→ **TASK OBJECTIVE**
How many lines of the entries hold the string "layers"? Reply with the number alone.

→ **SUPPLIED RECORDS**
=====
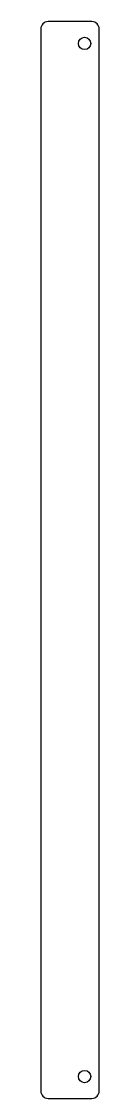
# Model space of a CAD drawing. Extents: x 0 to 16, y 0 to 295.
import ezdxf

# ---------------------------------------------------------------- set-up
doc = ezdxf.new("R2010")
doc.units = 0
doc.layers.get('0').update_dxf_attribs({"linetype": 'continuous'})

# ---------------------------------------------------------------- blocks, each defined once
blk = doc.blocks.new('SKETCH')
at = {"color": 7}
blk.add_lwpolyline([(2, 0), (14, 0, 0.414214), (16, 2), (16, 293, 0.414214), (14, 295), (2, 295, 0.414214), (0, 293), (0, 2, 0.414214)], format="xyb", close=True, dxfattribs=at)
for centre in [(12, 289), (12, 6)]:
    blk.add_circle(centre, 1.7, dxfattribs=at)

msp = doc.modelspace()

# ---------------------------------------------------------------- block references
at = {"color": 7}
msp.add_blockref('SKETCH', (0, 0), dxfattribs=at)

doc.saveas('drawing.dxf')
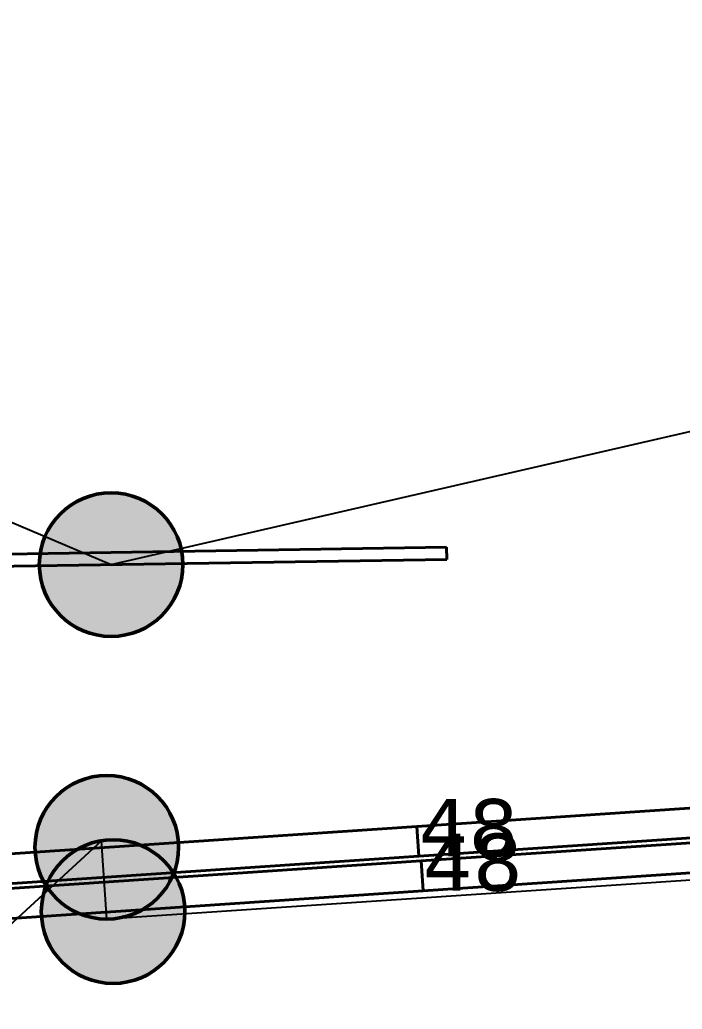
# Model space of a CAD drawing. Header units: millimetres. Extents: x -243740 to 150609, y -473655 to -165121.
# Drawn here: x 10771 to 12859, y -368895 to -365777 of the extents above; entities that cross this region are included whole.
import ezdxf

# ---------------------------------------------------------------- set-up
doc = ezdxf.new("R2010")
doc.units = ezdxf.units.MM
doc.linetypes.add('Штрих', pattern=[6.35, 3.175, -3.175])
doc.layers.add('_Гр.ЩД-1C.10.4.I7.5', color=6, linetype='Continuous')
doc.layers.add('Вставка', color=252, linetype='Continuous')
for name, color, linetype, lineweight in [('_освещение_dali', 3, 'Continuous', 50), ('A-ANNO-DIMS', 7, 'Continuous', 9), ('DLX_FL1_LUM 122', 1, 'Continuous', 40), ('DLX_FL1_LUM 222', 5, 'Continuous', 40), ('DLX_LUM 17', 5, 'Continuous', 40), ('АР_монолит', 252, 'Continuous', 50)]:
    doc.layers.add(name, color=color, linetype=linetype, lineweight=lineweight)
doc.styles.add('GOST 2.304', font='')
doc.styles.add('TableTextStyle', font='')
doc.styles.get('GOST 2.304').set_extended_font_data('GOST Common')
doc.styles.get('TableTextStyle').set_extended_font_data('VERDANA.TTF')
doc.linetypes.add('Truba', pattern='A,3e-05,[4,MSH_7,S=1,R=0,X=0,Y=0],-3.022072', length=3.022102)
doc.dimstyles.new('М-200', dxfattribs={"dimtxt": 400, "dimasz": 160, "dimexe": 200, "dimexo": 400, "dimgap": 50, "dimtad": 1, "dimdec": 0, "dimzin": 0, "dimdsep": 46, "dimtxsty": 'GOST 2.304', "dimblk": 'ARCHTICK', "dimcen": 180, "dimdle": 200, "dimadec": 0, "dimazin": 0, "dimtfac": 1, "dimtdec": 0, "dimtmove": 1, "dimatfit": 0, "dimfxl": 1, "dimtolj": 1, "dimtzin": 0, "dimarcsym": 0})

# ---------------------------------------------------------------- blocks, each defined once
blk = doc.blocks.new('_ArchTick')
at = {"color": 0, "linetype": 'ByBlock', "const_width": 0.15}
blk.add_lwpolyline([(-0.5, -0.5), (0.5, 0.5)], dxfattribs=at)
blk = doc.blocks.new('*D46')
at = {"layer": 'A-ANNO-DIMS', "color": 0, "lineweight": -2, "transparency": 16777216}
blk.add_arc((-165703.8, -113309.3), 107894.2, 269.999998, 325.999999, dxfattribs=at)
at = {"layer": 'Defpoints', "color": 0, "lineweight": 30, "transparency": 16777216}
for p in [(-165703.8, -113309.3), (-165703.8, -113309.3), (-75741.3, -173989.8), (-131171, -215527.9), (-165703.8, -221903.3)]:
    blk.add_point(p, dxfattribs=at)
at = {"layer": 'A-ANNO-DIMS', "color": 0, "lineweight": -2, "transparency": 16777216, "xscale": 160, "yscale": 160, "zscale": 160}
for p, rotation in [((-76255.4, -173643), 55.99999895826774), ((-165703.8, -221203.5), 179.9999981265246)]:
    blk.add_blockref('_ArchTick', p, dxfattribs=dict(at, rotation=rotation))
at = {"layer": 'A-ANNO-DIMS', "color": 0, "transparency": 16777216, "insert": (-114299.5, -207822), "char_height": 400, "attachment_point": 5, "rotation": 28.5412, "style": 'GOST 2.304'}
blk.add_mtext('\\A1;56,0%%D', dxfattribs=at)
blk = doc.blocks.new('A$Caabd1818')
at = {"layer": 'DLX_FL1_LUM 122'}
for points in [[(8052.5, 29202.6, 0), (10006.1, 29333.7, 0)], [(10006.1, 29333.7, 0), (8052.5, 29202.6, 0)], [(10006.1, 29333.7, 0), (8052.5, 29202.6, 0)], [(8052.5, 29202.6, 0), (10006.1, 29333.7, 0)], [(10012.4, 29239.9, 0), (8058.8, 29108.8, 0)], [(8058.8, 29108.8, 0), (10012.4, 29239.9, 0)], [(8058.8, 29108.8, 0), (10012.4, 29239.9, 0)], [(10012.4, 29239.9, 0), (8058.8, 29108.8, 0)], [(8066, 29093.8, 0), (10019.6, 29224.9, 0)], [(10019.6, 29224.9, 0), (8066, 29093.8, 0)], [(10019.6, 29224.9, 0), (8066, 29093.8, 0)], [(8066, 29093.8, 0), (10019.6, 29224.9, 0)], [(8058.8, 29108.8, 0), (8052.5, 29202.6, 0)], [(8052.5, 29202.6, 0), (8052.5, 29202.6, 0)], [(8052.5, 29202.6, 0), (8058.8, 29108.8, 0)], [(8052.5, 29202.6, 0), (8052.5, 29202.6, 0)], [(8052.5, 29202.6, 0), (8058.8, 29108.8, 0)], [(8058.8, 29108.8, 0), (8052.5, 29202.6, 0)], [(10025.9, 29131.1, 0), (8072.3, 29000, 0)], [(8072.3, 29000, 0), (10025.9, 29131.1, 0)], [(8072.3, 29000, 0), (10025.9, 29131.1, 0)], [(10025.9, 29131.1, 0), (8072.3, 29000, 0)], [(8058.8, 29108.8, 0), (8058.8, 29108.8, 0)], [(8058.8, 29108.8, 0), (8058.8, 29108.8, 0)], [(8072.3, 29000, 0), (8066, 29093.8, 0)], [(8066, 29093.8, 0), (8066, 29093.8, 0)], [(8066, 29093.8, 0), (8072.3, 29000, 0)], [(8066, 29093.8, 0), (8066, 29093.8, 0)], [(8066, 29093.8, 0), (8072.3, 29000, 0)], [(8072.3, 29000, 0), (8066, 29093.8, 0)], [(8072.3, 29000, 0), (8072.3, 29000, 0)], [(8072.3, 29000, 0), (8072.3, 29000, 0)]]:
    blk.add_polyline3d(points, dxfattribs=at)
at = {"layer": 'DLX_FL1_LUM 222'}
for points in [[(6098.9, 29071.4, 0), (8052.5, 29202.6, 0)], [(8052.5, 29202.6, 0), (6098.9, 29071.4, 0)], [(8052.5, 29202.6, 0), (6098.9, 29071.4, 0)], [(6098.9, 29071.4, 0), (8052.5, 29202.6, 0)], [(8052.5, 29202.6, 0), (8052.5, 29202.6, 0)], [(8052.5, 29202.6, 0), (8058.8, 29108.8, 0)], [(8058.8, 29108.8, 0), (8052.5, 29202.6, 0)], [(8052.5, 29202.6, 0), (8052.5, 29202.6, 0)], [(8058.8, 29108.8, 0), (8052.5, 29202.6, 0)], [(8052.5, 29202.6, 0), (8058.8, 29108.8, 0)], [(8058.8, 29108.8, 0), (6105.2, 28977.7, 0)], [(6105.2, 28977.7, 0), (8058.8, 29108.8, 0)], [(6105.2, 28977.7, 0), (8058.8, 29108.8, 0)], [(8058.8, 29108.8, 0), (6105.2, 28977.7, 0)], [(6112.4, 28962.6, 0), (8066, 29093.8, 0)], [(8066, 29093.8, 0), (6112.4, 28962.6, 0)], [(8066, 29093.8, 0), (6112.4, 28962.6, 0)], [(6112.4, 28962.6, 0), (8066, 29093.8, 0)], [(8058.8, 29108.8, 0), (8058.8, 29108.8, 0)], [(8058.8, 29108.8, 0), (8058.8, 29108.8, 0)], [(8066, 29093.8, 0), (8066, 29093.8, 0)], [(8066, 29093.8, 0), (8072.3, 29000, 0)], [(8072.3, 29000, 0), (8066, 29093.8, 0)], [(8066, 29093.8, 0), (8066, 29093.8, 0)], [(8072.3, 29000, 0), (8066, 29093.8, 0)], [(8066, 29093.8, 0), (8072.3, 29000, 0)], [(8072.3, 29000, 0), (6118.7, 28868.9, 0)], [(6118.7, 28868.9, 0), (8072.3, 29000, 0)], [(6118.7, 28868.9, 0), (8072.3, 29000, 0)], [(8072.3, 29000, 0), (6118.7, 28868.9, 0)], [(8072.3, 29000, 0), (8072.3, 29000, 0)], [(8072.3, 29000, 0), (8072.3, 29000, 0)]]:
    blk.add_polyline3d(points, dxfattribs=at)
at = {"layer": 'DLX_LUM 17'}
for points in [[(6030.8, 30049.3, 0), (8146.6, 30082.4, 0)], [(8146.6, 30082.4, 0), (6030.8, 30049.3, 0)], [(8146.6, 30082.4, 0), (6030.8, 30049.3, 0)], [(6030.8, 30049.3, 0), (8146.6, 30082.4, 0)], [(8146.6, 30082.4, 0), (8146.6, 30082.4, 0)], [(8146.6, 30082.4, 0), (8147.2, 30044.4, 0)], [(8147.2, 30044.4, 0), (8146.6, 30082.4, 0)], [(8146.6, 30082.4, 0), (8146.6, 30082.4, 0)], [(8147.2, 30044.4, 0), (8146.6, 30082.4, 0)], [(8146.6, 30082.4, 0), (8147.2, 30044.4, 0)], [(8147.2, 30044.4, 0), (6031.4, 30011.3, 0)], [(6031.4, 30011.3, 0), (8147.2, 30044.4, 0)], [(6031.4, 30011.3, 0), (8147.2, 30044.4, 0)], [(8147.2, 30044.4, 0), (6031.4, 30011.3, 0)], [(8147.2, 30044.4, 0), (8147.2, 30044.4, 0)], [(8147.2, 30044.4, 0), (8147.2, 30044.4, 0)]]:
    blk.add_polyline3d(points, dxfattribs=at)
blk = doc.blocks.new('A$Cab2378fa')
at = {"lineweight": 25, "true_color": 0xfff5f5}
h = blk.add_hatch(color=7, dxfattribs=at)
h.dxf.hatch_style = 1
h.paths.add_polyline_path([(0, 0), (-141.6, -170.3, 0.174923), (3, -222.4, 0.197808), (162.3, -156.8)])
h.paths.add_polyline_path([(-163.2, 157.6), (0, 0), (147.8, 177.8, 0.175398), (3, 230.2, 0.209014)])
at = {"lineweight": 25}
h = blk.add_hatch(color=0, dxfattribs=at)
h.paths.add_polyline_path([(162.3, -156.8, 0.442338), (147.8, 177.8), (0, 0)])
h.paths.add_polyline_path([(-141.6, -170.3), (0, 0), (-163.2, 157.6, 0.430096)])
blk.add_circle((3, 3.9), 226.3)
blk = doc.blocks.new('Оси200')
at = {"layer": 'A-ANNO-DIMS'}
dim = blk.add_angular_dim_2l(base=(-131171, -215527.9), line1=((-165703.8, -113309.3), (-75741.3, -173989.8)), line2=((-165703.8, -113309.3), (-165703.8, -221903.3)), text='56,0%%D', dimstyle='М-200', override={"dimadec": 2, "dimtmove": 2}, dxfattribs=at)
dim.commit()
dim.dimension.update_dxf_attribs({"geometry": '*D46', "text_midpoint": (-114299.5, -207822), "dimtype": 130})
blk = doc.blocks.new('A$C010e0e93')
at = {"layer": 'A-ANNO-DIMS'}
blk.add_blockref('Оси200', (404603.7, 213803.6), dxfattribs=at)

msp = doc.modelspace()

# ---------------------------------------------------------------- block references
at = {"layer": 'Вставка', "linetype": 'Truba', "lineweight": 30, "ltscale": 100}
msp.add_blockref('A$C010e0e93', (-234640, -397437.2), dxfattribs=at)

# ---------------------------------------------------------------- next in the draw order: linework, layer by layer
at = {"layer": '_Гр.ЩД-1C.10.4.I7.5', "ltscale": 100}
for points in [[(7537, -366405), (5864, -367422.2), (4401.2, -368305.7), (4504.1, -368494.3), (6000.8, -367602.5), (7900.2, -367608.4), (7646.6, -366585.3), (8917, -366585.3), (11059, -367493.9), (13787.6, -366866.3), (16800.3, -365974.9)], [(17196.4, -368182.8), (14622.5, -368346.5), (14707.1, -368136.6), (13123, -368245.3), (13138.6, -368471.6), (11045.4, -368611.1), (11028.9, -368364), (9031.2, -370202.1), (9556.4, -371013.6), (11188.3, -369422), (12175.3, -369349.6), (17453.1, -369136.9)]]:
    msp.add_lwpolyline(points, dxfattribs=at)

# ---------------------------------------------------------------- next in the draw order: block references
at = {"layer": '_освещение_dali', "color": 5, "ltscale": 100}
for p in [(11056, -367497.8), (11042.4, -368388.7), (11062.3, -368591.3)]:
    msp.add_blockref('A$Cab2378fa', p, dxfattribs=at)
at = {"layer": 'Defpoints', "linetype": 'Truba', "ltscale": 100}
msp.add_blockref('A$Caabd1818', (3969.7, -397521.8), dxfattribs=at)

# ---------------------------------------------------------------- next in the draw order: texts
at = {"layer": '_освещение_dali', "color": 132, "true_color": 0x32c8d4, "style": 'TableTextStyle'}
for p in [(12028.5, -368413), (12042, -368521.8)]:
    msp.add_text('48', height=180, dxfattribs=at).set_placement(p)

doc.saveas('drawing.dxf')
=====
→ **TASK RESPONSE**
4